Billy Fenton

Personal information
- Full name: William Hartas Fenton
- Date of birth: 23 June 1926
- Place of birth: Hartlepool, England
- Date of death: 16 April 1973 (aged 46)
- Place of death: York, England
- Height: 5 ft 9 in (1.75 m)
- Position(s): Winger

Senior career*
- Years: Team / Apps / (Gls)
- 1944–?: Barnsley / 0 / (0)
- 000?–1948: Horden Colliery Welfare / ? / (?)
- 1948–1951: Blackburn Rovers / 33 / (7)
- 1951–1958: York City / 257 / (118)
- 1958–1959: Scarborough / ? / (10)
- Total:  / 290 / (125)

= Billy Fenton =

English footballer

William Hartas Fenton (23 June 1926 – 16 April 1973) was an English footballer. He played as a left-winger in the immediate post-Second World War period.
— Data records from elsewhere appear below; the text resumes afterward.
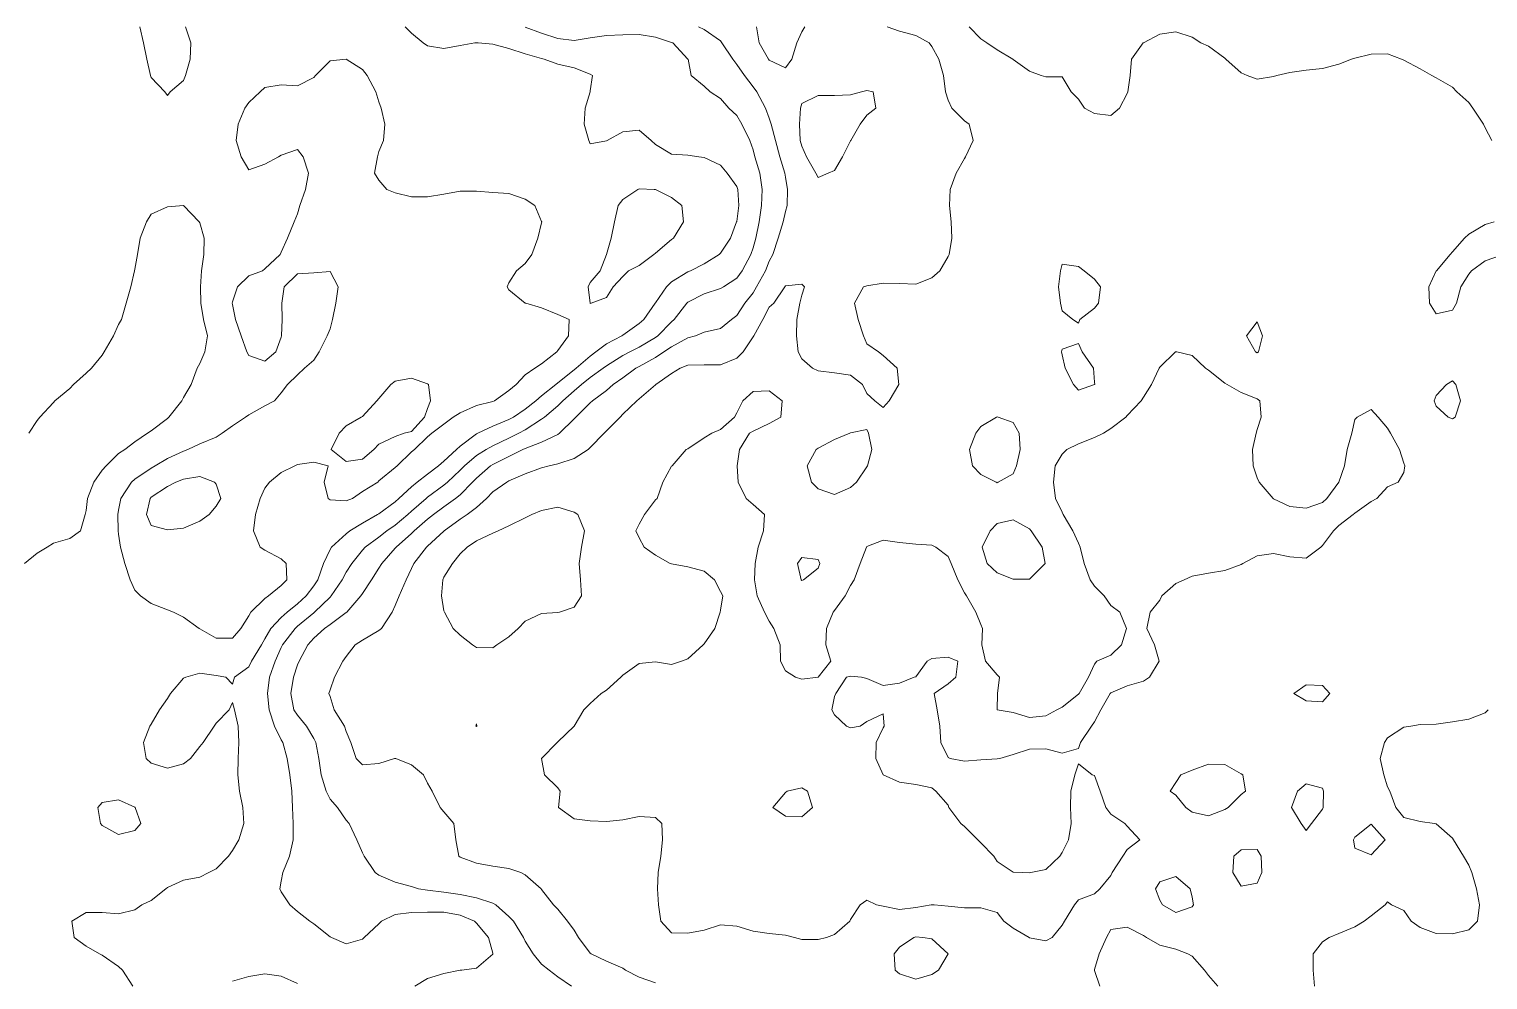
# Model space of a CAD drawing. Header units: centimetres. Extents: x 0 to 642158, y -847 to 649707.
# Drawn here: x 617373 to 617417.83, y 620826.95 to 620856.17 of the extents above; entities that cross this region are included whole.
import ezdxf

# ---------------------------------------------------------------- set-up
doc = ezdxf.new("R2010")
doc.units = ezdxf.units.CM
doc.header["$MEASUREMENT"] = 0
doc.layers.add('WAL_topographie 0.5', color=253, linetype='Continuous', lineweight=20)

msp = doc.modelspace()

# ---------------------------------------------------------------- linework, layer by layer
at = {"layer": 'WAL_topographie 0.5'}
for points in [[(617384.561, 620856.25), (617384.75, 620856.048), (617385.116, 620855.75), (617385.25, 620855.659), (617385.75, 620855.577), (617386.25, 620855.668), (617386.7, 620855.75), (617386.75, 620855.756), (617386.808, 620855.75), (617387.25, 620855.713), (617387.75, 620855.579), (617388.25, 620855.419), (617388.75, 620855.269), (617388.828, 620855.25), (617389.25, 620855.1), (617389.75, 620854.985), (617390.25, 620854.793), (617390.319, 620854.75), (617390.25, 620854.276), (617390.247, 620854.25), (617390.091, 620853.75), (617390.059, 620853.25), (617390.203, 620852.75), (617390.25, 620852.65), (617390.75, 620852.738), (617390.764, 620852.75), (617391.25, 620853.019), (617391.75, 620853.067), (617392.117, 620852.75), (617392.25, 620852.628), (617392.75, 620852.33), (617393.25, 620852.296), (617393.583, 620852.25), (617393.75, 620852.23), (617394.25, 620851.99), (617394.459, 620851.75), (617394.75, 620851.339), (617394.783, 620851.25), (617394.816, 620850.75), (617394.75, 620850.263), (617394.747, 620850.25), (617394.557, 620849.75), (617394.25, 620849.284), (617394.215, 620849.25), (617393.75, 620848.956), (617393.332, 620848.75), (617393.25, 620848.717), (617392.75, 620848.408), (617392.591, 620848.25), (617392.25, 620847.761), (617392.242, 620847.75), (617391.89, 620847.25), (617391.75, 620847.127), (617391.25, 620846.772), (617391.217, 620846.75), (617390.75, 620846.505), (617390.424, 620846.25), (617390.25, 620846.123), (617389.812, 620845.75), (617389.75, 620845.701), (617389.25, 620845.297), (617389.19, 620845.25), (617388.75, 620844.899), (617388.579, 620844.75), (617388.25, 620844.491), (617387.887, 620844.25), (617387.75, 620844.172), (617387.25, 620843.97), (617386.791, 620843.75), (617386.75, 620843.73), (617386.25, 620843.355), (617386.139, 620843.25), (617385.75, 620842.893), (617385.579, 620842.75), (617385.25, 620842.495), (617384.933, 620842.25), (617384.75, 620842.103), (617384.364, 620841.75), (617384.25, 620841.647), (617383.75, 620841.276), (617383.707, 620841.25), (617383.25, 620840.991), (617382.857, 620840.75), (617382.75, 620840.664), (617382.291, 620840.25), (617382.25, 620840.18), (617382.054, 620839.75), (617381.875, 620839.25), (617381.75, 620839.065), (617381.512, 620838.75), (617381.25, 620838.509), (617380.935, 620838.25), (617380.75, 620838.091), (617380.435, 620837.75), (617380.25, 620837.432), (617380.144, 620837.25), (617379.838, 620836.75), (617379.75, 620836.571), (617379.313, 620836.25), (617379.25, 620836.041), (617379.052, 620836.25), (617378.75, 620836.3), (617378.25, 620836.38), (617377.814, 620836.25), (617377.75, 620836.218), (617377.351, 620835.75), (617377.25, 620835.6), (617377.011, 620835.25), (617376.75, 620834.81), (617376.712, 620834.75), (617376.52, 620834.25), (617376.596, 620833.75), (617376.75, 620833.607), (617377.25, 620833.461), (617377.75, 620833.594), (617377.965, 620833.75), (617378.25, 620834.12), (617378.35, 620834.25), (617378.693, 620834.75), (617378.75, 620834.84), (617379.151, 620835.25), (617379.25, 620835.479), (617379.315, 620835.25), (617379.429, 620834.75), (617379.448, 620834.25), (617379.424, 620833.75), (617379.418, 620833.25), (617379.464, 620832.75), (617379.565, 620832.25), (617379.603, 620831.75), (617379.446, 620831.25), (617379.25, 620830.925), (617379.133, 620830.75), (617378.75, 620830.358), (617378.528, 620830.25), (617378.25, 620830.107), (617377.75, 620830.013), (617377.25, 620829.786), (617377.2, 620829.75), (617376.75, 620829.392), (617376.466, 620829.25), (617376.25, 620829.104), (617375.75, 620828.977), (617375.25, 620829.022), (617374.75, 620829.021), (617374.318, 620828.75), (617374.385, 620828.25), (617374.75, 620827.985), (617375.164, 620827.75), (617375.25, 620827.706), (617375.75, 620827.362), (617375.872, 620827.25), (617376.192, 620826.75)], [(617376.409, 620856.25), (617376.515, 620855.75), (617376.619, 620855.25), (617376.732, 620854.75), (617376.75, 620854.69), (617377.173, 620854.25), (617377.25, 620854.139), (617377.335, 620854.25), (617377.75, 620854.592), (617377.806, 620854.75), (617377.949, 620855.25), (617377.967, 620855.75), (617377.808, 620856.25)], [(617388.25, 620856.237), (617388.75, 620856.049), (617389.25, 620855.883), (617389.75, 620855.823), (617390.25, 620855.904), (617390.75, 620855.975), (617391.25, 620856.005), (617391.75, 620856.01), (617392.25, 620855.928), (617392.75, 620855.767), (617392.784, 620855.75), (617393.25, 620855.255), (617393.256, 620855.25), (617393.348, 620854.75), (617393.75, 620854.419), (617393.93, 620854.25), (617394.25, 620854.04), (617394.505, 620853.75), (617394.75, 620853.517), (617394.906, 620853.25), (617395.154, 620852.75), (617395.25, 620852.466), (617395.307, 620852.25), (617395.463, 620851.75), (617395.536, 620851.25), (617395.511, 620850.75), (617395.438, 620850.25), (617395.332, 620849.75), (617395.25, 620849.449), (617395.183, 620849.25), (617394.918, 620848.75), (617394.75, 620848.517), (617394.339, 620848.25), (617394.25, 620848.197), (617393.75, 620848.04), (617393.25, 620847.784), (617393.214, 620847.75), (617392.823, 620847.25), (617392.75, 620847.182), (617392.326, 620846.75), (617392.25, 620846.698), (617391.75, 620846.401), (617391.462, 620846.25), (617391.25, 620846.138), (617390.75, 620845.827), (617390.647, 620845.75), (617390.25, 620845.462), (617389.982, 620845.25), (617389.75, 620845.052), (617389.402, 620844.75), (617389.25, 620844.597), (617388.843, 620844.25), (617388.75, 620844.181), (617388.25, 620843.861), (617388.052, 620843.75), (617387.75, 620843.597), (617387.25, 620843.364), (617387.049, 620843.25), (617386.75, 620843.066), (617386.383, 620842.75), (617386.25, 620842.614), (617385.858, 620842.25), (617385.75, 620842.16), (617385.25, 620841.784), (617385.209, 620841.75), (617384.75, 620841.353), (617384.637, 620841.25), (617384.25, 620840.927), (617383.995, 620840.75), (617383.75, 620840.562), (617383.335, 620840.25), (617383.25, 620840.153), (617382.919, 620839.75), (617382.75, 620839.481), (617382.625, 620839.25), (617382.286, 620838.75), (617382.25, 620838.714), (617381.777, 620838.25), (617381.75, 620838.228), (617381.25, 620837.818), (617381.174, 620837.75), (617380.793, 620837.25), (617380.75, 620837.162), (617380.563, 620836.75), (617380.392, 620836.25), (617380.328, 620835.75), (617380.379, 620835.25), (617380.545, 620834.75), (617380.75, 620834.332), (617380.803, 620834.25), (617380.934, 620833.75), (617381.015, 620833.25), (617381.081, 620832.75), (617381.093, 620832.25), (617381.117, 620831.75), (617381.117, 620831.25), (617381.001, 620830.75), (617380.796, 620830.25), (617380.75, 620829.981), (617380.705, 620829.75), (617380.75, 620829.652), (617381.011, 620829.25), (617381.25, 620829.053), (617381.625, 620828.75), (617381.75, 620828.668), (617382.25, 620828.274), (617382.295, 620828.25), (617382.75, 620828.055), (617383.25, 620828.196), (617383.303, 620828.25), (617383.75, 620828.668), (617383.835, 620828.75), (617384.25, 620828.953), (617384.75, 620829.023), (617385.25, 620829.033), (617385.75, 620829.026), (617386.25, 620828.932), (617386.69, 620828.75), (617386.75, 620828.696), (617387.124, 620828.25), (617387.25, 620827.767), (617387.255, 620827.75), (617387.25, 620827.735), (617386.75, 620827.306), (617386.3, 620827.25), (617386.25, 620827.245), (617385.75, 620827.145), (617385.25, 620826.994), (617384.855, 620826.75)], [(617393.579, 620856.25), (617393.75, 620856.168), (617394.25, 620855.811), (617394.295, 620855.75), (617394.635, 620855.25), (617394.75, 620855.087), (617394.993, 620854.75), (617395.25, 620854.4), (617395.367, 620854.25), (617395.631, 620853.75), (617395.75, 620853.434), (617395.812, 620853.25), (617395.94, 620852.75), (617396.076, 620852.25), (617396.232, 620851.75), (617396.25, 620851.62), (617396.309, 620851.25), (617396.302, 620850.75), (617396.25, 620850.573), (617396.178, 620850.25), (617396.021, 620849.75), (617395.861, 620849.25), (617395.75, 620849.043), (617395.631, 620848.75), (617395.36, 620848.25), (617395.25, 620848.069), (617395.002, 620847.75), (617394.75, 620847.371), (617394.586, 620847.25), (617394.25, 620846.975), (617393.75, 620846.864), (617393.481, 620846.75), (617393.25, 620846.69), (617392.75, 620846.411), (617392.506, 620846.25), (617392.25, 620846.08), (617391.75, 620845.805), (617391.65, 620845.75), (617391.25, 620845.46), (617390.953, 620845.25), (617390.75, 620845.07), (617390.322, 620844.75), (617390.25, 620844.685), (617389.8, 620844.25), (617389.75, 620844.197), (617389.299, 620843.75), (617389.25, 620843.716), (617388.75, 620843.479), (617388.25, 620843.286), (617388.173, 620843.25), (617387.75, 620843.04), (617387.25, 620842.793), (617387.184, 620842.75), (617386.75, 620842.375), (617386.627, 620842.25), (617386.25, 620841.862), (617386.111, 620841.75), (617385.75, 620841.493), (617385.427, 620841.25), (617385.25, 620841.107), (617384.831, 620840.75), (617384.75, 620840.674), (617384.278, 620840.25), (617384.25, 620840.215), (617383.84, 620839.75), (617383.75, 620839.608), (617383.523, 620839.25), (617383.25, 620838.83), (617383.198, 620838.75), (617382.763, 620838.25), (617382.75, 620838.241), (617382.25, 620837.876), (617382.085, 620837.75), (617381.75, 620837.45), (617381.564, 620837.25), (617381.297, 620836.75), (617381.25, 620836.635), (617381.125, 620836.25), (617381.041, 620835.75), (617381.142, 620835.25), (617381.25, 620835.089), (617381.523, 620834.75), (617381.75, 620834.37), (617381.817, 620834.25), (617381.908, 620833.75), (617381.978, 620833.25), (617382.13, 620832.75), (617382.25, 620832.499), (617382.478, 620832.25), (617382.75, 620831.853), (617382.843, 620831.75), (617383.069, 620831.25), (617383.25, 620830.853), (617383.303, 620830.75), (617383.633, 620830.25), (617383.75, 620830.163), (617384.25, 620829.954), (617384.75, 620829.818), (617384.971, 620829.75), (617385.25, 620829.705), (617385.75, 620829.641), (617386.25, 620829.569), (617386.75, 620829.473), (617387.25, 620829.309), (617387.348, 620829.25), (617387.75, 620828.9), (617387.885, 620828.75), (617388.196, 620828.25), (617388.25, 620828.133), (617388.495, 620827.75), (617388.75, 620827.428), (617388.982, 620827.25), (617389.25, 620827.045), (617389.673, 620826.75)], [(617399.374, 620856.25), (617399.75, 620856.117), (617400.25, 620855.979), (617400.659, 620855.75), (617400.75, 620855.64), (617400.965, 620855.25), (617401.107, 620854.75), (617401.169, 620854.25), (617401.25, 620853.993), (617401.359, 620853.75), (617401.75, 620853.359), (617401.893, 620853.25), (617402.014, 620852.75), (617401.779, 620852.25), (617401.75, 620852.203), (617401.498, 620851.75), (617401.314, 620851.25), (617401.29, 620850.75), (617401.341, 620850.25), (617401.359, 620849.75), (617401.28, 620849.25), (617401.25, 620849.188), (617400.987, 620848.75), (617400.75, 620848.527), (617400.25, 620848.335), (617399.75, 620848.353), (617399.25, 620848.366), (617398.75, 620848.284), (617398.644, 620848.25), (617398.366, 620847.75), (617398.486, 620847.25), (617398.644, 620846.75), (617398.75, 620846.5), (617399.104, 620846.25), (617399.25, 620846.147), (617399.679, 620845.75), (617399.728, 620845.25), (617399.439, 620844.75), (617399.25, 620844.547), (617398.995, 620844.75), (617398.75, 620844.975), (617398.618, 620845.25), (617398.25, 620845.541), (617397.75, 620845.613), (617397.25, 620845.67), (617397.076, 620845.75), (617396.75, 620846.038), (617396.642, 620846.25), (617396.589, 620846.75), (617396.601, 620847.25), (617396.691, 620847.75), (617396.75, 620848), (617396.83, 620848.25), (617396.75, 620848.337), (617396.25, 620848.28), (617396.23, 620848.25), (617395.887, 620847.75), (617395.75, 620847.633), (617395.555, 620847.25), (617395.274, 620846.75), (617395.25, 620846.714), (617394.945, 620846.25), (617394.75, 620846.065), (617394.25, 620845.856), (617393.75, 620845.853), (617393.25, 620845.844), (617393.013, 620845.75), (617392.75, 620845.585), (617392.261, 620845.25), (617392.25, 620845.241), (617391.75, 620844.813), (617391.681, 620844.75), (617391.25, 620844.336), (617391.168, 620844.25), (617390.75, 620843.823), (617390.673, 620843.75), (617390.25, 620843.312), (617390.179, 620843.25), (617389.75, 620842.98), (617389.25, 620842.816), (617388.984, 620842.75), (617388.75, 620842.686), (617388.25, 620842.508), (617387.75, 620842.287), (617387.684, 620842.25), (617387.25, 620841.954), (617387.059, 620841.75), (617386.75, 620841.473), (617386.46, 620841.25), (617386.25, 620841.11), (617385.755, 620840.75), (617385.75, 620840.745), (617385.25, 620840.285), (617385.213, 620840.25), (617384.821, 620839.75), (617384.75, 620839.591), (617384.586, 620839.25), (617384.372, 620838.75), (617384.25, 620838.461), (617384.158, 620838.25), (617383.828, 620837.75), (617383.75, 620837.693), (617383.25, 620837.39), (617383.024, 620837.25), (617382.75, 620836.889), (617382.645, 620836.75), (617382.383, 620836.25), (617382.25, 620835.86), (617382.218, 620835.75), (617382.25, 620835.657), (617382.377, 620835.25), (617382.691, 620834.75), (617382.75, 620834.58), (617382.889, 620834.25), (617383.05, 620833.75), (617383.25, 620833.554), (617383.75, 620833.603), (617384.235, 620833.75), (617384.25, 620833.755), (617384.268, 620833.75), (617384.75, 620833.563), (617385.124, 620833.25), (617385.25, 620833), (617385.392, 620832.75), (617385.64, 620832.25), (617385.75, 620832.113), (617386.055, 620831.75), (617386.119, 620831.25), (617386.207, 620830.75), (617386.25, 620830.716), (617386.75, 620830.532), (617387.25, 620830.448), (617387.75, 620830.375), (617388.113, 620830.25), (617388.25, 620830.18), (617388.735, 620829.75), (617388.75, 620829.731), (617389.122, 620829.25), (617389.25, 620829.122), (617389.549, 620828.75), (617389.75, 620828.478), (617389.885, 620828.25), (617390.25, 620827.772), (617390.28, 620827.75), (617390.75, 620827.525), (617391.25, 620827.312), (617391.332, 620827.25), (617391.75, 620827.027), (617392.25, 620826.852)], [(617395.36, 620856.25), (617395.435, 620855.75), (617395.725, 620855.25), (617395.75, 620855.219), (617396.25, 620854.988), (617396.442, 620855.25), (617396.595, 620855.75), (617396.75, 620856.091), (617396.845, 620856.25)], [(617401.892, 620856.25), (617402.25, 620855.873), (617402.432, 620855.75), (617402.75, 620855.542), (617403.236, 620855.25), (617403.25, 620855.24), (617403.75, 620854.879), (617404.104, 620854.75), (617404.25, 620854.704), (617404.75, 620854.71), (617405.024, 620854.25), (617405.25, 620854.024), (617405.442, 620853.75), (617405.75, 620853.585), (617406.25, 620853.517), (617406.509, 620853.75), (617406.75, 620854.193), (617406.77, 620854.25), (617406.844, 620854.75), (617406.881, 620855.25), (617407.24, 620855.75), (617407.25, 620855.758), (617407.75, 620856.022), (617408.25, 620856.093), (617408.75, 620855.93), (617409.017, 620855.75), (617409.25, 620855.648), (617409.75, 620855.278), (617409.787, 620855.25), (617410.25, 620854.828), (617410.439, 620854.75), (617410.75, 620854.64), (617411.25, 620854.721), (617411.347, 620854.75), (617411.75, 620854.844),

The highest level he played at was with Blackburn Rovers, but he spent most of his professional career with York City.

==Career==
Born in Hartlepool, County Durham, Fenton started his career with Barnsley, whom he signed for in November 1944. After leaving Barnsley he returned to his native North-East, playing for Horden Colliery Welfare. In December 1948 Fenton joined Blackburn Rovers, then in the Second Division. He was not a regular at the club, playing only 33 times in the next two and a half seasons.

Fenton signed for York City in May 1951 for a small fee, and in his first season scored 31 goals, setting a new record for the club, which was previously held by Reg Baines. He was part of the team which played in the FA Cup semi-final in 1955. Fenton stayed with York City for several seasons, writing himself into the club's history books by scoring 124 goals in 278 games, making him the third highest goalscorer in the club's history after Norman Wilkinson and Keith Walwyn.

After leaving York, Fenton went on to play for another North Yorkshire side, Scarborough, whom he signed for in July 1958. He scored 12 goals in 29 appearances for the Midland League side in all competitions, including 10 goals in the league in the 1958–59 season.

Fenton died in York at the age of 46 on 16 April 1973. The Billy Fenton Memorial Trophy is presented annually by his widow Margo to York City's Clubman of the Year.